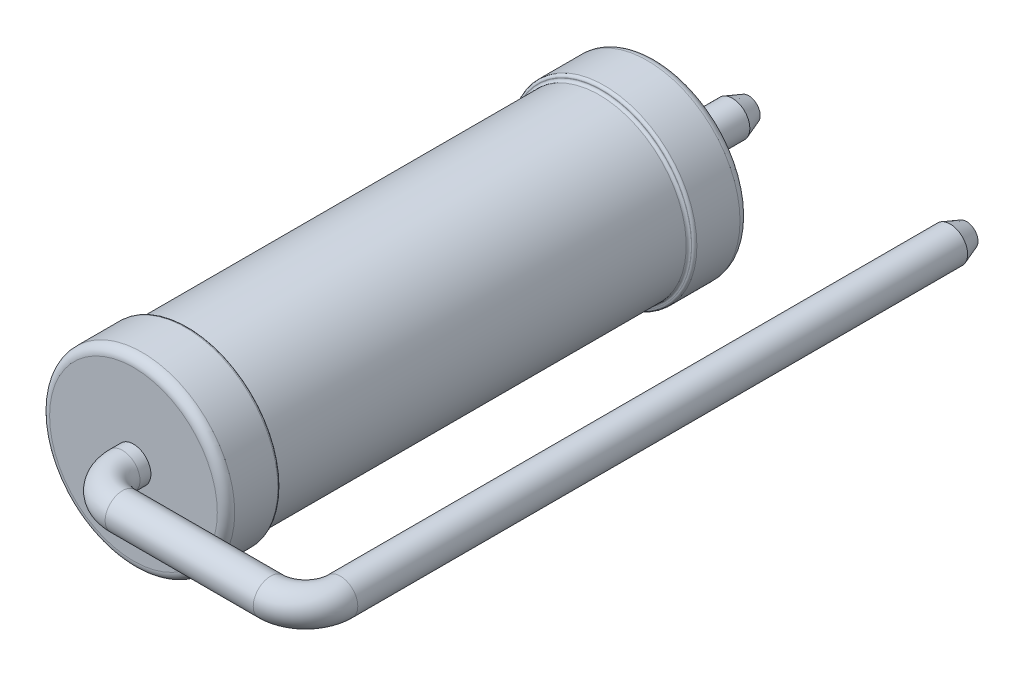
from build123d import *
from OCP.BRepFilletAPI import BRepFilletAPI_MakeChamfer

# Parameters (mm, degrees)
SKETCH3_R      = 0.4064
CHAMFER1_SIZE  = 0.381
CHAMFER1_SIZE2 = 0.138672659


with BuildPart() as part:
    # Sketch1 → Revolve1 (revolve)
    with BuildSketch(Plane(origin=(0, 0, 0), x_dir=(1, 0, 0), z_dir=(0, 1, 0))):
        with BuildLine():
            Line((-2.54, -12.446), (-4.4958, -12.446))
            ThreePointArc((-4.4958, -12.446), (-4.639484098, -12.386484098), (-4.699, -12.2428))
            Line((-4.699, -12.2428), (-4.699, -11.23696))
            ThreePointArc((-4.699, -11.23696), (-4.681145229, -11.193854771), (-4.63804, -11.176))
            Line((-4.63804, -11.176), (-4.63296, -11.176))
            ThreePointArc((-4.63296, -11.176), (-4.589854771, -11.158145229), (-4.572, -11.11504))
            Line((-4.572, -11.11504), (-4.572, -1.58496))
            ThreePointArc((-4.572, -1.58496), (-4.589854771, -1.541854771), (-4.63296, -1.524))
            Line((-4.63296, -1.524), (-4.63804, -1.524))
            ThreePointArc((-4.63804, -1.524), (-4.681145229, -1.506145229), (-4.699, -1.46304))
            Line((-4.699, -1.46304), (-4.699, -0.4572))
            ThreePointArc((-4.699, -0.4572), (-4.639484098, -0.313515902), (-4.4958, -0.254))
            Line((-4.4958, -0.254), (-2.54, -0.254))
            Line((-2.54, -0.254), (-2.54, -12.446))
        make_face()
    revolve(axis=Axis((-2.54, 0, 0.254), (0, 0, 1)))

    # Sweep1: sweep along a path in Sketch2
    with BuildLine(Plane(origin=(0, 0, 0), x_dir=(1, 0, 0), z_dir=(0, 1, 0))) as sweep1_path:
        Line((2.54, 1.905), (2.54, -12.7))
        ThreePointArc((2.54, -12.7), (2.301936392, -13.274736392), (1.7272, -13.5128))
        Line((1.7272, -13.5128), (-1.7272, -13.5128))
        ThreePointArc((-1.7272, -13.5128), (-2.301936392, -13.274736392), (-2.54, -12.7))
        Line((-2.54, -12.7), (-2.54, 1.905))
    # Sketch3 → Sweep1 (sweep)
    with BuildSketch(Plane.XY.offset(-1.905)):
        with Locations((2.54, 0)):
            Circle(SKETCH3_R)
    sweep(path=sweep1_path.line)

    # Chamfer1: one chamfer whose edges measure the first distance from different faces: ONE call of the kernel's chamfer builder (chamfer() names one face for all edges)
    chamfer1_edges_1 = [part.edges().sort_by_distance(p)[0] for p in [
        (2.1336, 0, -1.905),
    ]]
    chamfer1_side_1 = [part.faces().sort_by_distance(p)[0] for p in [
        (2.1336, 0, 5.3975),
    ]]
    chamfer1_edges_2 = [part.edges().sort_by_distance(p)[0] for p in [
        (-2.1336, 0, -1.905),
    ]]
    chamfer1_side_2 = [part.faces().sort_by_distance(p)[0] for p in [
        (-2.1336, 0, -0.8255),
    ]]
    chamfer1 = BRepFilletAPI_MakeChamfer(part.part.solid().wrapped)
    for e in chamfer1_edges_1:
        chamfer1.Add(CHAMFER1_SIZE, CHAMFER1_SIZE2, e.wrapped, chamfer1_side_1[0].wrapped)  # the first distance lies on this face
    for e in chamfer1_edges_2:
        chamfer1.Add(CHAMFER1_SIZE, CHAMFER1_SIZE2, e.wrapped, chamfer1_side_2[0].wrapped)  # the first distance lies on this face
    add(Compound.cast(chamfer1.Shape()), mode=Mode.REPLACE)


solid = part.part

----

THE PROBLEM:
Within the listing above, give again exactly every line from the line with "-11.158145229), (-4.572, -11.11504))" through the line with "# Sketch3 → Sweep1 (sweep)", both included, and no other line.

SOLUTION TO THIS TASK:
            ThreePointArc((-4.63296, -11.176), (-4.589854771, -11.158145229), (-4.572, -11.11504))
            Line((-4.572, -11.11504), (-4.572, -1.58496))
            ThreePointArc((-4.572, -1.58496), (-4.589854771, -1.541854771), (-4.63296, -1.524))
            Line((-4.63296, -1.524), (-4.63804, -1.524))
            ThreePointArc((-4.63804, -1.524), (-4.681145229, -1.506145229), (-4.699, -1.46304))
            Line((-4.699, -1.46304), (-4.699, -0.4572))
            ThreePointArc((-4.699, -0.4572), (-4.639484098, -0.313515902), (-4.4958, -0.254))
            Line((-4.4958, -0.254), (-2.54, -0.254))
            Line((-2.54, -0.254), (-2.54, -12.446))
        make_face()
    revolve(axis=Axis((-2.54, 0, 0.254), (0, 0, 1)))

    # Sweep1: sweep along a path in Sketch2
    with BuildLine(Plane(origin=(0, 0, 0), x_dir=(1, 0, 0), z_dir=(0, 1, 0))) as sweep1_path:
        Line((2.54, 1.905), (2.54, -12.7))
        ThreePointArc((2.54, -12.7), (2.301936392, -13.274736392), (1.7272, -13.5128))
        Line((1.7272, -13.5128), (-1.7272, -13.5128))
        ThreePointArc((-1.7272, -13.5128), (-2.301936392, -13.274736392), (-2.54, -12.7))
        Line((-2.54, -12.7), (-2.54, 1.905))
    # Sketch3 → Sweep1 (sweep)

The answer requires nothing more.